For this task, retype the records below exactly.

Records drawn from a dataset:
· · · · ·

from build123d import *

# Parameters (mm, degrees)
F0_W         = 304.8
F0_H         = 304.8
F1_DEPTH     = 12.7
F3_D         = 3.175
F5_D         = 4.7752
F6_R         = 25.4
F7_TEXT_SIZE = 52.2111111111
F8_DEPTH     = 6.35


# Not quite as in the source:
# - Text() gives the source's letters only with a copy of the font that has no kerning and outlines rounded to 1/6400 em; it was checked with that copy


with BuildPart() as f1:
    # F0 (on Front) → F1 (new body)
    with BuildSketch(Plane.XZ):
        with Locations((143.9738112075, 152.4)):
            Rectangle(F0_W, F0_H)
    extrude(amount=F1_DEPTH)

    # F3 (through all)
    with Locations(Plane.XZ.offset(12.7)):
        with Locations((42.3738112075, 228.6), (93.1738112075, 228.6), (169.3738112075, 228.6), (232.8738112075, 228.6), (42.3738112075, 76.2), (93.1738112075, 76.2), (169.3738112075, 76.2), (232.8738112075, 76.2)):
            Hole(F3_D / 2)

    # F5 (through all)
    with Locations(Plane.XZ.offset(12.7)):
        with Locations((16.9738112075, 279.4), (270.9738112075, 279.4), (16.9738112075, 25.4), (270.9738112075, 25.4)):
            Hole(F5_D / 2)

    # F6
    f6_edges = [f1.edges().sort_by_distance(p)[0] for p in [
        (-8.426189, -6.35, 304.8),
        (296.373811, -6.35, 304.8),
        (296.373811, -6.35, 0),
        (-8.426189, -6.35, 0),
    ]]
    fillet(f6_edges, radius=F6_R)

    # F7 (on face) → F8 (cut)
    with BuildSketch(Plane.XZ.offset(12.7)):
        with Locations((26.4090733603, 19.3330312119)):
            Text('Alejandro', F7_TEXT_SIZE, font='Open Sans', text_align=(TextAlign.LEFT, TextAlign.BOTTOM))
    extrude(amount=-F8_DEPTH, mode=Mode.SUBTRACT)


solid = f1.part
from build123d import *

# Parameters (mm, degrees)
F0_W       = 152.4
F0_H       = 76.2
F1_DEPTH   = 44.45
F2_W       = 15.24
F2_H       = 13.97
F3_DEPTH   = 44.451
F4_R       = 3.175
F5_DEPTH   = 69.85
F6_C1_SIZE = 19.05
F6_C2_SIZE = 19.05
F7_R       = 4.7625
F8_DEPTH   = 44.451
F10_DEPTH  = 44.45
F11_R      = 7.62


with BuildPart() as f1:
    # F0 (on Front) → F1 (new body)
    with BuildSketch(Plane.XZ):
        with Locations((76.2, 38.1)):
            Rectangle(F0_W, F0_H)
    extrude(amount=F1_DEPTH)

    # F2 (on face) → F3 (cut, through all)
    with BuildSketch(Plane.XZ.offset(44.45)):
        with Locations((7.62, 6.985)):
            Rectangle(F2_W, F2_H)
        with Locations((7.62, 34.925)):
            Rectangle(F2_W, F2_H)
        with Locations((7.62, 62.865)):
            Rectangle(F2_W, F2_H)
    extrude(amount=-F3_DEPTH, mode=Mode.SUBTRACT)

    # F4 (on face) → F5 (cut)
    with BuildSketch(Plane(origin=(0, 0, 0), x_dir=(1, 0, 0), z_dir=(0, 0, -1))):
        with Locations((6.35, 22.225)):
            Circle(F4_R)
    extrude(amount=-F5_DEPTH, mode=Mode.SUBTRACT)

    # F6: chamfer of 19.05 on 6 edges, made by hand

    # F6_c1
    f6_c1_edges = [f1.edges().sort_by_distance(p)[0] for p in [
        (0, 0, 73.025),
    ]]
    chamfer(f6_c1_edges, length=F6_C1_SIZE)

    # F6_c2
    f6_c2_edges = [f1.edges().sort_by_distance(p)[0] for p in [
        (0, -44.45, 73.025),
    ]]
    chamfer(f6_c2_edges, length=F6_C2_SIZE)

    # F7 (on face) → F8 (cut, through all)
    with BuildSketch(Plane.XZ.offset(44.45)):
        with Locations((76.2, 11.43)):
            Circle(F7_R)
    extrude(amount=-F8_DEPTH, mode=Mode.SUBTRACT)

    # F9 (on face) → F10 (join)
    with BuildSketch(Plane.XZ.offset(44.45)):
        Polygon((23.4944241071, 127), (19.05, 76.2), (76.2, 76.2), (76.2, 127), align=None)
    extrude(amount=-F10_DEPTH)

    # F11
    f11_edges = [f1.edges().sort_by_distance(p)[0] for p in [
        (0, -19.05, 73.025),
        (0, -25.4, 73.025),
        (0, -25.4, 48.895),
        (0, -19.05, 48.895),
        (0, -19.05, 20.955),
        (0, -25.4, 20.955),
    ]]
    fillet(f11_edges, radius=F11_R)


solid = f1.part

· · · · ·

- **Answer to this problem**
from build123d import *

# Parameters (mm, degrees)
F0_W         = 304.8
F0_H         = 304.8
F1_DEPTH     = 12.7
F3_D         = 3.175
F5_D         = 4.7752
F6_R         = 25.4
F7_TEXT_SIZE = 52.2111111111
F8_DEPTH     = 6.35


# Not quite as in the source:
# - Text() gives the source's letters only with a copy of the font that has no kerning and outlines rounded to 1/6400 em; it was checked with that copy


with BuildPart() as f1:
    # F0 (on Front) → F1 (new body)
    with BuildSketch(Plane.XZ):
        with Locations((143.9738112075, 152.4)):
            Rectangle(F0_W, F0_H)
    extrude(amount=F1_DEPTH)

    # F3 (through all)
    with Locations(Plane.XZ.offset(12.7)):
        with Locations((42.3738112075, 228.6), (93.1738112075, 228.6), (169.3738112075, 228.6), (232.8738112075, 228.6), (42.3738112075, 76.2), (93.1738112075, 76.2), (169.3738112075, 76.2), (232.8738112075, 76.2)):
            Hole(F3_D / 2)

    # F5 (through all)
    with Locations(Plane.XZ.offset(12.7)):
        with Locations((16.9738112075, 279.4), (270.9738112075, 279.4), (16.9738112075, 25.4), (270.9738112075, 25.4)):
            Hole(F5_D / 2)

    # F6
    f6_edges = [f1.edges().sort_by_distance(p)[0] for p in [
        (-8.426189, -6.35, 304.8),
        (296.373811, -6.35, 304.8),
        (296.373811, -6.35, 0),
        (-8.426189, -6.35, 0),
    ]]
    fillet(f6_edges, radius=F6_R)

    # F7 (on face) → F8 (cut)
    with BuildSketch(Plane.XZ.offset(12.7)):
        with Locations((26.4090733603, 19.3330312119)):
            Text('Alejandro', F7_TEXT_SIZE, font='Open Sans', text_align=(TextAlign.LEFT, TextAlign.BOTTOM))
    extrude(amount=-F8_DEPTH, mode=Mode.SUBTRACT)


solid = f1.part
from build123d import *

# Parameters (mm, degrees)
F0_W       = 152.4
F0_H       = 76.2
F1_DEPTH   = 44.45
F2_W       = 15.24
F2_H       = 13.97
F3_DEPTH   = 44.451
F4_R       = 3.175
F5_DEPTH   = 69.85
F6_C1_SIZE = 19.05
F6_C2_SIZE = 19.05
F7_R       = 4.7625
F8_DEPTH   = 44.451
F10_DEPTH  = 44.45
F11_R      = 7.62


with BuildPart() as f1:
    # F0 (on Front) → F1 (new body)
    with BuildSketch(Plane.XZ):
        with Locations((76.2, 38.1)):
            Rectangle(F0_W, F0_H)
    extrude(amount=F1_DEPTH)

    # F2 (on face) → F3 (cut, through all)
    with BuildSketch(Plane.XZ.offset(44.45)):
        with Locations((7.62, 6.985)):
            Rectangle(F2_W, F2_H)
        with Locations((7.62, 34.925)):
            Rectangle(F2_W, F2_H)
        with Locations((7.62, 62.865)):
            Rectangle(F2_W, F2_H)
    extrude(amount=-F3_DEPTH, mode=Mode.SUBTRACT)

    # F4 (on face) → F5 (cut)
    with BuildSketch(Plane(origin=(0, 0, 0), x_dir=(1, 0, 0), z_dir=(0, 0, -1))):
        with Locations((6.35, 22.225)):
            Circle(F4_R)
    extrude(amount=-F5_DEPTH, mode=Mode.SUBTRACT)

    # F6: chamfer of 19.05 on 6 edges, made by hand

    # F6_c1
    f6_c1_edges = [f1.edges().sort_by_distance(p)[0] for p in [
        (0, 0, 73.025),
    ]]
    chamfer(f6_c1_edges, length=F6_C1_SIZE)

    # F6_c2
    f6_c2_edges = [f1.edges().sort_by_distance(p)[0] for p in [
        (0, -44.45, 73.025),
    ]]
    chamfer(f6_c2_edges, length=F6_C2_SIZE)

    # F7 (on face) → F8 (cut, through all)
    with BuildSketch(Plane.XZ.offset(44.45)):
        with Locations((76.2, 11.43)):
            Circle(F7_R)
    extrude(amount=-F8_DEPTH, mode=Mode.SUBTRACT)

    # F9 (on face) → F10 (join)
    with BuildSketch(Plane.XZ.offset(44.45)):
        Polygon((23.4944241071, 127), (19.05, 76.2), (76.2, 76.2), (76.2, 127), align=None)
    extrude(amount=-F10_DEPTH)

    # F11
    f11_edges = [f1.edges().sort_by_distance(p)[0] for p in [
        (0, -19.05, 73.025),
        (0, -25.4, 73.025),
        (0, -25.4, 48.895),
        (0, -19.05, 48.895),
        (0, -19.05, 20.955),
        (0, -25.4, 20.955),
    ]]
    fillet(f11_edges, radius=F11_R)


solid = f1.part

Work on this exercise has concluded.